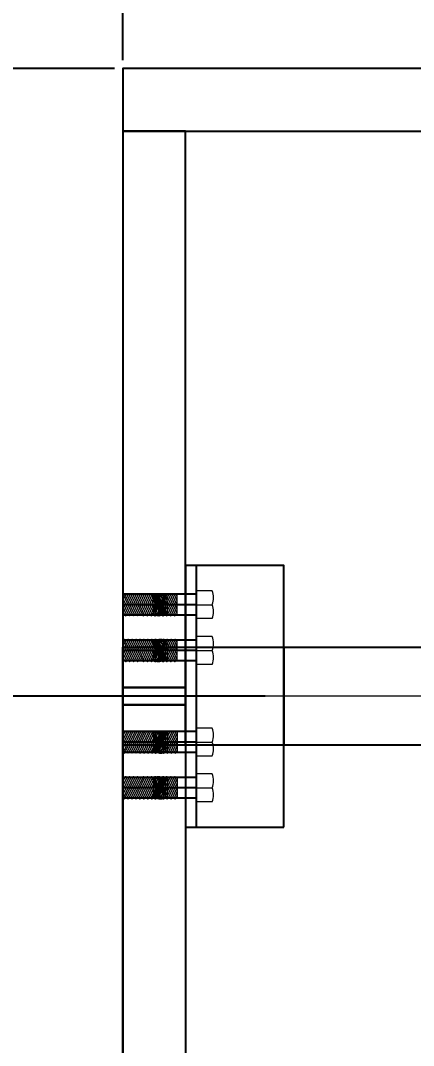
# Model space of a CAD drawing. Header units: millimetres. Extents: x 3470347 to 5996549, y -3470518 to 17149644.
# Drawn here: x 4832415 to 4832715, y 6640360 to 6641144 of the extents above; entities that cross this region are included whole.
import ezdxf

# ---------------------------------------------------------------- set-up
doc = ezdxf.new("R2010")
doc.units = ezdxf.units.MM
doc.header["$MEASUREMENT"] = 0
doc.header["$PDMODE"] = 35
doc.header["$PDSIZE"] = -5
doc.linetypes.add('CENTER', pattern=[50.8, 31.75, -6.35, 6.35, -6.35])
doc.layers.get('0').update_dxf_attribs({"linetype": 'CONTINUOUS', "lineweight": 25})
doc.layers.get('DEFPOINTS').update_dxf_attribs({"linetype": 'CONTINUOUS', "lineweight": 25})
doc.layers.add('BOLT', color=1, linetype='CONTINUOUS')
doc.layers.add('lintel', color=2, linetype='CONTINUOUS')
doc.layers.add('CENTER', color=8, linetype='CENTER', lineweight=0)
doc.layers.add('channnel', color=2, linetype='CONTINUOUS', lineweight=15)
doc.styles.add('DIM', font='geniso.shx', dxfattribs={"width": 0.85})
doc.dimstyles.new('ST-100', dxfattribs={"dimscale": 100, "dimtxt": 7, "dimasz": 5, "dimexe": 0.18, "dimexo": 0.0625, "dimgap": 0.2, "dimtad": 0, "dimdec": 0, "dimzin": 0, "dimdsep": 46, "dimtxsty": 'DIM', "dimblk": 'OPEN90', "dimcen": 0.09, "dimclrd": 256, "dimclrt": 7, "dimadec": 0, "dimazin": 0, "dimtfac": 1, "dimtdec": 0, "dimtofl": 0, "dimtmove": 0, "dimatfit": 3, "dimldrblk": 'OPEN90', "dimfxl": 1, "dimtolj": 1, "dimtzin": 0, "dimlwd": -1, "dimarcsym": 0})

# ---------------------------------------------------------------- blocks, each defined once
blk = doc.blocks.new('_Open90')
at = {"color": 0, "linetype": 'ByBlock', "lineweight": -2}
for p, q in [((-0.5, 0.5), (0, 0)), ((0, 0), (-1, 0)), ((0, 0), (-0.5, -0.5))]:
    blk.add_line(p, q, dxfattribs=at)
blk = doc.blocks.new('*D1783')
at = {"layer": 'BOLT', "color": 0, "lineweight": -2}
for p, q in [((4832601.62, 6640627.26), (4830755.26, 6640627.26)), ((4832601.62, 6634827.26), (4830755.26, 6634827.26))]:
    blk.add_line(p, q, dxfattribs=at)
at = {"layer": 'BOLT'}
for p, q in [((4830773.26, 6640127.26), (4830773.26, 6638384.96)), ((4830773.26, 6635327.26), (4830773.26, 6637069.56))]:
    blk.add_line(p, q, dxfattribs=at)
at = {"layer": 'DEFPOINTS', "color": 0}
for p in [(4832607.87, 6640627.26), (4830773.26, 6634827.26), (4832607.87, 6634827.26)]:
    blk.add_point(p, dxfattribs=at)
at = {"layer": 'BOLT', "xscale": 500, "yscale": 500, "zscale": 500}
for p, rotation in [((4830773.26, 6640627.26), 90), ((4830773.26, 6634827.26), 270)]:
    blk.add_blockref('_Open90', p, dxfattribs=dict(at, rotation=rotation))
at = {"layer": 'BOLT', "color": 7, "insert": (4830773.26, 6637727.26), "char_height": 600, "attachment_point": 5, "rotation": 90, "style": 'DIM'}
blk.add_mtext('\\A1;5800', dxfattribs=at)
blk = doc.blocks.new('*D1790')
at = {"layer": 'BOLT', "color": 0, "lineweight": -2}
for p, q in [((4832492.87, 6641113.51), (4832492.87, 6644504.97)), ((4862492.87, 6641113.51), (4862492.87, 6644504.97))]:
    blk.add_line(p, q, dxfattribs=at)
at = {"layer": 'BOLT'}
for p, q in [((4832992.87, 6644486.97), (4844999.37, 6644486.97)), ((4861992.87, 6644486.97), (4849986.37, 6644486.97))]:
    blk.add_line(p, q, dxfattribs=at)
at = {"layer": 'DEFPOINTS', "color": 0}
for p in [(4862492.87, 6644486.97), (4832492.87, 6641107.26), (4862492.87, 6641107.26)]:
    blk.add_point(p, dxfattribs=at)
at = {"layer": 'BOLT', "xscale": 500, "yscale": 500, "zscale": 500, "rotation": 180}
blk.add_blockref('_Open90', (4832492.87, 6644486.97), dxfattribs=at)
at = {"layer": 'BOLT', "xscale": 500, "yscale": 500, "zscale": 500}
blk.add_blockref('_Open90', (4862492.87, 6644486.97), dxfattribs=at)
at = {"layer": 'BOLT', "color": 7, "insert": (4847492.87, 6644486.97), "char_height": 600, "attachment_point": 5, "style": 'DIM'}
blk.add_mtext('\\A1;30000 WALL O/O', dxfattribs=at)
blk = doc.blocks.new('*D1791')
at = {"layer": 'BOLT', "color": 0, "lineweight": -2}
for p, q in [((4832486.62, 6641107.26), (4828543.91, 6641107.26)), ((4832486.62, 6611107.26), (4828543.91, 6611107.26))]:
    blk.add_line(p, q, dxfattribs=at)
at = {"layer": 'BOLT'}
for p, q in [((4828561.91, 6640607.26), (4828561.91, 6628600.76)), ((4828561.91, 6611607.26), (4828561.91, 6623613.76))]:
    blk.add_line(p, q, dxfattribs=at)
at = {"layer": 'DEFPOINTS', "color": 0}
for p in [(4832492.87, 6641107.26), (4828561.91, 6611107.26), (4832492.87, 6611107.26)]:
    blk.add_point(p, dxfattribs=at)
at = {"layer": 'BOLT', "xscale": 500, "yscale": 500, "zscale": 500}
for p, rotation in [((4828561.91, 6641107.26), 90), ((4828561.91, 6611107.26), 270)]:
    blk.add_blockref('_Open90', p, dxfattribs=dict(at, rotation=rotation))
at = {"layer": 'BOLT', "color": 7, "insert": (4828561.91, 6626107.26), "char_height": 600, "attachment_point": 5, "rotation": 90, "style": 'DIM'}
blk.add_mtext('\\A1;30000 WALL O/O', dxfattribs=at)

msp = doc.modelspace()

# ---------------------------------------------------------------- linework, layer by layer
at = {"color": 3}
msp.add_line((4832548.87, 6640727.26, 0), (4832548.87, 6640527.26, 0), dxfattribs=at)
at = {"color": 8, "linetype": 'ByBlock'}
for p, q in [((4832548.87, 6640705.26, 0), (4832492.87, 6640705.26, 0)), ((4832548.87, 6640697.26, 0), (4832492.87, 6640697.26, 0)), ((4832548.87, 6640689.26, 0), (4832492.87, 6640689.26, 0)), ((4832548.87, 6640670.26, 0), (4832492.87, 6640670.26, 0)), ((4832548.87, 6640662.26, 0), (4832492.87, 6640662.26, 0)), ((4832548.87, 6640654.26, 0), (4832492.87, 6640654.26, 0)), ((4832548.87, 6640600.26, 0), (4832492.87, 6640600.26, 0)), ((4832548.87, 6640592.26, 0), (4832492.87, 6640592.26, 0)), ((4832548.87, 6640584.26, 0), (4832492.87, 6640584.26, 0)), ((4832548.87, 6640565.26, 0), (4832492.87, 6640565.26, 0)), ((4832548.87, 6640557.26, 0), (4832492.87, 6640557.26, 0)), ((4832548.87, 6640549.26, 0), (4832492.87, 6640549.26, 0))]:
    msp.add_line(p, q, dxfattribs=at)
at = {"color": 2}
for p, q in [((4832540.87, 6640633.93, 0), (4832492.87, 6640633.93, 0)), ((4832540.87, 6640633.93, 0), (4832492.87, 6640633.93, 0)), ((4832540.87, 6640620.59, 0), (4832492.87, 6640620.59, 0)), ((4832540.87, 6640620.59, 0), (4832492.87, 6640620.59, 0))]:
    msp.add_line(p, q, dxfattribs=at)
at = {"color": 8, "elevation": 0}
msp.add_lwpolyline([(4832492.87, 6641107.26), (4832492.87, 6611107.26), (4862492.87, 6611107.26), (4862492.87, 6641107.26)], close=True, dxfattribs=at)
at = {"color": 6, "linetype": 'ByBlock', "elevation": 0}
for points in [[(4832878.7, 6641059.26), (4832878.7, 6641107.26), (4832492.87, 6641107.26), (4832492.87, 6641059.26)], [(4832492.87, 6641059.26), (4832492.87, 6640633.93), (4832540.87, 6640633.93), (4832540.87, 6641059.26)], [(4832492.87, 6634833.93), (4832492.87, 6640620.59), (4832540.87, 6640620.59), (4832540.87, 6634833.93)]]:
    msp.add_lwpolyline(points, close=True, dxfattribs=at)
at = {"color": 3, "elevation": 0}
for points in [[(4832615.87, 6640527.26), (4832615.87, 6640727.26), (4832540.87, 6640727.26), (4832540.87, 6640527.26)], [(4832540.87, 6640664.76), (4832615.87, 6640664.76), (4832615.87, 6640589.76), (4832540.87, 6640589.76)]]:
    msp.add_lwpolyline(points, close=True, dxfattribs=at)
at = {"layer": 'CENTER', "color": 8, "ltscale": 60}
msp.add_line((4864873.95, 6640627.26, 0), (4827811.52, 6640627.26, 0), dxfattribs=at)
at = {"layer": 'channnel', "color": 8, "linetype": 'ByBlock'}
for p, q in [((4832548.87, 6640707.93, 0), (4832548.87, 6640686.59, 0)), ((4832561.19, 6640707.93, 0), (4832548.87, 6640707.93, 0)), ((4832548.87, 6640705.26, 0), (4832492.87, 6640705.26, 0)), ((4832492.87, 6640705.26, 0), (4832492.87, 6640689.26, 0)), ((4832534.47, 6640689.26, 0), (4832534.47, 6640705.26, 0)), ((4832548.87, 6640697.26, 0), (4832561.19, 6640697.26, 0)), ((4832548.87, 6640689.26, 0), (4832492.87, 6640689.26, 0)), ((4832561.19, 6640686.59, 0), (4832548.87, 6640686.59, 0)), ((4832548.87, 6640670.26, 0), (4832492.87, 6640670.26, 0)), ((4832492.87, 6640670.26, 0), (4832492.87, 6640654.26, 0)), ((4832534.47, 6640654.26, 0), (4832534.47, 6640670.26, 0)), ((4832548.87, 6640672.93, 0), (4832548.87, 6640651.59, 0)), ((4832561.19, 6640672.93, 0), (4832548.87, 6640672.93, 0)), ((4832548.87, 6640662.26, 0), (4832561.19, 6640662.26, 0)), ((4832548.87, 6640654.26, 0), (4832492.87, 6640654.26, 0)), ((4832561.19, 6640651.59, 0), (4832548.87, 6640651.59, 0)), ((4832548.87, 6640600.26, 0), (4832492.87, 6640600.26, 0)), ((4832492.87, 6640584.26, 0), (4832492.87, 6640600.26, 0)), ((4832534.47, 6640600.26, 0), (4832534.47, 6640584.26, 0)), ((4832548.87, 6640581.59, 0), (4832548.87, 6640602.93, 0)), ((4832561.19, 6640602.93, 0), (4832548.87, 6640602.93, 0)), ((4832548.87, 6640592.26, 0), (4832561.19, 6640592.26, 0)), ((4832548.87, 6640584.26, 0), (4832492.87, 6640584.26, 0)), ((4832561.19, 6640581.59, 0), (4832548.87, 6640581.59, 0)), ((4832548.87, 6640546.59, 0), (4832548.87, 6640567.93, 0)), ((4832561.19, 6640567.93, 0), (4832548.87, 6640567.93, 0)), ((4832548.87, 6640565.26, 0), (4832492.87, 6640565.26, 0)), ((4832492.87, 6640549.26, 0), (4832492.87, 6640565.26, 0)), ((4832534.47, 6640565.26, 0), (4832534.47, 6640549.26, 0)), ((4832548.87, 6640557.26, 0), (4832561.19, 6640557.26, 0)), ((4832548.87, 6640549.26, 0), (4832492.87, 6640549.26, 0)), ((4832561.19, 6640546.59, 0), (4832548.87, 6640546.59, 0))]:
    msp.add_line(p, q, dxfattribs=at)
at = {"layer": 'channnel', "color": 8, "linetype": 'Continuous'}
for p, q in [((4832498.67, 6640689.84, 0), (4832492.87, 6640702.27, 0)), ((4832500.45, 6640689.26, 0), (4832493.26, 6640704.68, 0)), ((4832501.7, 6640689.84, 0), (4832494.51, 6640705.26, 0)), ((4832503.49, 6640689.26, 0), (4832496.3, 6640704.68, 0)), ((4832504.73, 6640689.84, 0), (4832497.54, 6640705.26, 0)), ((4832506.52, 6640689.26, 0), (4832499.33, 6640704.68, 0)), ((4832508.04, 6640689.26, 0), (4832500.58, 6640705.26, 0)), ((4832509.29, 6640689.84, 0), (4832502.37, 6640704.68, 0)), ((4832511.07, 6640689.26, 0), (4832503.61, 6640705.26, 0)), ((4832512.32, 6640689.84, 0), (4832505.4, 6640704.68, 0)), ((4832514.11, 6640689.26, 0), (4832506.65, 6640705.26, 0)), ((4832515.35, 6640689.84, 0), (4832508.44, 6640704.68, 0)), ((4832517.14, 6640689.26, 0), (4832509.68, 6640705.26, 0)), ((4832518.39, 6640689.84, 0), (4832511.47, 6640704.68, 0)), ((4832520.18, 6640689.26, 0), (4832512.72, 6640705.26, 0)), ((4832521.42, 6640689.84, 0), (4832514.5, 6640704.68, 0)), ((4832522.75, 6640689.26, 0), (4832515.29, 6640705.26, 0)), ((4832515.49, 6640689.84, 0), (4832520.57, 6640704.68, 0)), ((4832523.21, 6640689.26, 0), (4832515.75, 6640705.26, 0)), ((4832516.68, 6640689.26, 0), (4832515.89, 6640705.26, 0)), ((4832524, 6640689.84, 0), (4832517.08, 6640704.68, 0)), ((4832517.28, 6640689.26, 0), (4832521.82, 6640705.26, 0)), ((4832524.46, 6640689.84, 0), (4832517.54, 6640704.68, 0)), ((4832517.93, 6640689.84, 0), (4832517.68, 6640704.68, 0)), ((4832525.78, 6640689.26, 0), (4832518.32, 6640705.26, 0)), ((4832526.25, 6640689.26, 0), (4832518.78, 6640705.26, 0)), ((4832519.72, 6640689.26, 0), (4832524.26, 6640705.26, 0)), ((4832519.96, 6640705.01, 0), (4832519.84, 6640705.26, 0)), ((4832527.03, 6640689.84, 0), (4832520.11, 6640704.68, 0)), ((4832520.96, 6640689.84, 0), (4832526.04, 6640704.68, 0)), ((4832528.82, 6640689.26, 0), (4832521.36, 6640705.26, 0)), ((4832522.99, 6640705.01, 0), (4832522.88, 6640705.26, 0)), ((4832530.07, 6640689.84, 0), (4832523.15, 6640704.68, 0)), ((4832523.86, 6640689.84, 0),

= = =

**Aim of the exercise**
Reproduce every line in the records above that contains the word "units".

**Answer to the problem**
# Model space of a CAD drawing. Header units: millimetres. Extents: x 3470347 to 5996549, y -3470518 to 17149644.
doc.units = ezdxf.units.MM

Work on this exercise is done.